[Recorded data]
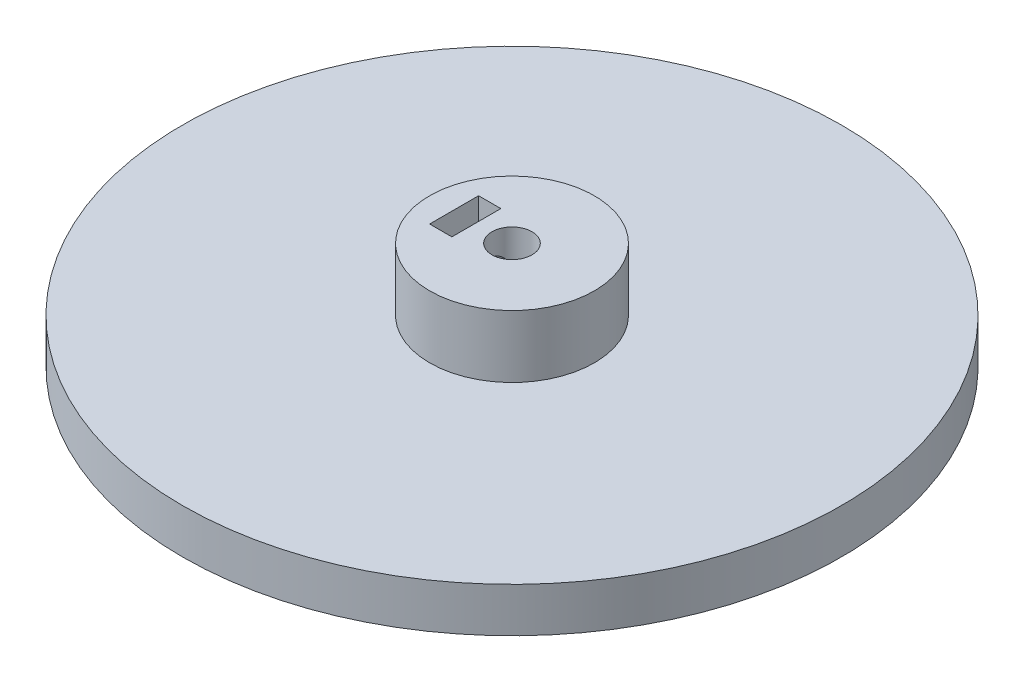
ISO-10303-21;
HEADER;
FILE_DESCRIPTION(('STEP AP214'),'2;1');
FILE_NAME('part.step','',(''),(''),'','','');
FILE_SCHEMA(('AUTOMOTIVE_DESIGN { 1 0 10303 214 1 1 1 1 }'));
ENDSEC;
DATA;
#1=APPLICATION_CONTEXT('core data for automotive mechanical design processes');
#2=APPLICATION_PROTOCOL_DEFINITION('international standard','automotive_design',2000,#1);
#3=PRODUCT_CONTEXT('',#1,'mechanical');
#4=PRODUCT('Part','Part','',(#3));
#5=PRODUCT_RELATED_PRODUCT_CATEGORY('part','',(#4));
#6=PRODUCT_DEFINITION_FORMATION('','',#4);
#7=PRODUCT_DEFINITION_CONTEXT('part definition',#1,'design');
#8=PRODUCT_DEFINITION('design','',#6,#7);
#9=PRODUCT_DEFINITION_SHAPE('','',#8);
#10=(LENGTH_UNIT() NAMED_UNIT(*) SI_UNIT(.MILLI.,.METRE.));
#11=(NAMED_UNIT(*) PLANE_ANGLE_UNIT() SI_UNIT($,.RADIAN.));
#12=(NAMED_UNIT(*) SI_UNIT($,.STERADIAN.) SOLID_ANGLE_UNIT());
#13=UNCERTAINTY_MEASURE_WITH_UNIT(LENGTH_MEASURE(1.E-05),#10,'distance_accuracy_value','');
#14=(GEOMETRIC_REPRESENTATION_CONTEXT(3) GLOBAL_UNCERTAINTY_ASSIGNED_CONTEXT((#13)) GLOBAL_UNIT_ASSIGNED_CONTEXT((#10,
#11,#12)) REPRESENTATION_CONTEXT('',''));
#15=CARTESIAN_POINT('',(0.,0.,0.));
#16=DIRECTION('',(0.,0.,1.));
#17=DIRECTION('',(1.,0.,0.));
#18=AXIS2_PLACEMENT_3D('',#15,#16,#17);
#19=CARTESIAN_POINT('',(-9.25,8.00000000000001,0.));
#20=DIRECTION('',(-1.,0.,0.));
#21=DIRECTION('',(0.,0.,1.));
#22=AXIS2_PLACEMENT_3D('',#19,#20,#21);
#23=CYLINDRICAL_SURFACE('',#22,1.49999999999999);
#24=CARTESIAN_POINT('',(-9.12756813176434,8.00000000000001,1.49999999999999));
#25=CARTESIAN_POINT('',(-9.12756961379572,7.91634082079124,1.49999661021083));
#26=CARTESIAN_POINT('',(-9.12873076571653,7.83263514801273,1.49297744928466));
#27=CARTESIAN_POINT('',(-9.13324598457221,7.66757010336968,1.46509713192922));
#28=CARTESIAN_POINT('',(-9.13660210646333,7.58621300486762,1.44422300404741));
#29=CARTESIAN_POINT('',(-9.14511738197225,7.42825797299914,1.38927881424645));
#30=CARTESIAN_POINT('',(-9.15027506296775,7.35165621259329,1.35521952762519));
#31=CARTESIAN_POINT('',(-9.1618105726406,7.20526363620867,1.27489827903223));
#32=CARTESIAN_POINT('',(-9.16818825542261,7.13547200733785,1.22863777590695));
#33=CARTESIAN_POINT('',(-9.18151171744077,7.00402012883349,1.12476634714105));
#34=CARTESIAN_POINT('',(-9.18846179819451,6.94243269423759,1.06706381173886));
#35=CARTESIAN_POINT('',(-9.2021086955797,6.82976949556864,0.942144220534594));
#36=CARTESIAN_POINT('',(-9.20880549749259,6.77869434162289,0.874926612864584));
#37=CARTESIAN_POINT('',(-9.22123667171939,6.68823351133476,0.732414580912544));
#38=CARTESIAN_POINT('',(-9.22696540122319,6.64891540823287,0.657076729672487));
#39=CARTESIAN_POINT('',(-9.23676715138083,6.58351891562005,0.500757553960185));
#40=CARTESIAN_POINT('',(-9.24084027400995,6.55743971064908,0.419776577430077));
#41=CARTESIAN_POINT('',(-9.24684151890069,6.51948347717741,0.255221571444729));
#42=CARTESIAN_POINT('',(-9.24878809283826,6.50748421098121,0.171676421197547));
#43=CARTESIAN_POINT('',(-9.25038026624867,6.49764851689902,0.00373743943041524));
#44=CARTESIAN_POINT('',(-9.25002601414402,6.49981117545063,-0.0806563369953943));
#45=CARTESIAN_POINT('',(-9.24707109469799,6.51814229391103,-0.247061672964748));
#46=CARTESIAN_POINT('',(-9.24449152582459,6.53417921453168,-0.329088150921278));
#47=CARTESIAN_POINT('',(-9.23739932897374,6.5795966833509,-0.489270225583665));
#48=CARTESIAN_POINT('',(-9.23288664460918,6.60897762078301,-0.567425709302183));
#49=CARTESIAN_POINT('',(-9.22239924004015,6.6803809316242,-0.718040384277853));
#50=CARTESIAN_POINT('',(-9.2164182344101,6.72245783473889,-0.79047326863777));
#51=CARTESIAN_POINT('',(-9.2036592734981,6.8180187573305,-0.927299884609038));
#52=CARTESIAN_POINT('',(-9.19688125709587,6.87150365190723,-0.991692998893613));
#53=CARTESIAN_POINT('',(-9.18319075875217,6.98909279386939,-1.11138886747759));
#54=CARTESIAN_POINT('',(-9.17627762658808,7.05331197535817,-1.16657869619509));
#55=CARTESIAN_POINT('',(-9.16317153842339,7.19015858542358,-1.26541725963211));
#56=CARTESIAN_POINT('',(-9.15697858839847,7.26278608375792,-1.30906589859287));
#57=CARTESIAN_POINT('',(-9.14601386051356,7.41451494268444,-1.38360330336041));
#58=CARTESIAN_POINT('',(-9.14124353617682,7.49362281995619,-1.41447903122703));
#59=CARTESIAN_POINT('',(-9.13368867194809,7.65599656046911,-1.46247296734354));
#60=CARTESIAN_POINT('',(-9.13090396708496,7.73926207766604,-1.47959231852892));
#61=CARTESIAN_POINT('',(-9.12766738510543,7.90657870206965,-1.4994296949627));
#62=CARTESIAN_POINT('',(-9.12718947413777,7.99061026645825,-1.50230844504066));
#63=CARTESIAN_POINT('',(-9.12855131127363,8.15795489179351,-1.49401069580292));
#64=CARTESIAN_POINT('',(-9.13039097482799,8.24126797883983,-1.48283470922853));
#65=CARTESIAN_POINT('',(-9.13615666306249,8.40430368772478,-1.44688156716498));
#66=CARTESIAN_POINT('',(-9.1400702086401,8.48404472349411,-1.42218573510396));
#67=CARTESIAN_POINT('',(-9.1495322822803,8.63825615767086,-1.35997902138551));
#68=CARTESIAN_POINT('',(-9.15508090343089,8.71272625569423,-1.32246741008183));
#69=CARTESIAN_POINT('',(-9.16724866645107,8.85499864892715,-1.23531271202269));
#70=CARTESIAN_POINT('',(-9.17387675153262,8.92273689128598,-1.18556633538191));
#71=CARTESIAN_POINT('',(-9.18743025134828,9.04896157743205,-1.07549650066911));
#72=CARTESIAN_POINT('',(-9.19435568581571,9.10744740598103,-1.01517233979035));
#73=CARTESIAN_POINT('',(-9.20780563662234,9.21409125413411,-0.884948421781169));
#74=CARTESIAN_POINT('',(-9.21432555088842,9.26214227413012,-0.814960492934597));
#75=CARTESIAN_POINT('',(-9.22615667201631,9.34580416140706,-0.667812378888741));
#76=CARTESIAN_POINT('',(-9.23146791634029,9.3814154142712,-0.590652416087808));
#77=CARTESIAN_POINT('',(-9.24026321723995,9.43901913448746,-0.431672917320961));
#78=CARTESIAN_POINT('',(-9.24375487074447,9.46106829532875,-0.349874361595183));
#79=CARTESIAN_POINT('',(-9.24854963020868,9.49110476107615,-0.18367436647687));
#80=CARTESIAN_POINT('',(-9.24985290624308,9.49909315874863,-0.0992731298768009));
#81=CARTESIAN_POINT('',(-9.25012185921934,9.50075122754273,0.0687022464538382));
#82=CARTESIAN_POINT('',(-9.24911415591773,9.49458395458987,0.152274779189828));
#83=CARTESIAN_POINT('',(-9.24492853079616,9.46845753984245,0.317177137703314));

WHAT TO DO
Please set down exactly the lines from the first line of the data above through the line with "#1=APPLICATION_CONTEXT('core data for", both included, leaving out the pictures.

ANSWER FOR THIS EXERCISE
ISO-10303-21;
HEADER;
FILE_DESCRIPTION(('STEP AP214'),'2;1');
FILE_NAME('part.step','',(''),(''),'','','');
FILE_SCHEMA(('AUTOMOTIVE_DESIGN { 1 0 10303 214 1 1 1 1 }'));
ENDSEC;
DATA;
#1=APPLICATION_CONTEXT('core data for automotive mechanical design processes');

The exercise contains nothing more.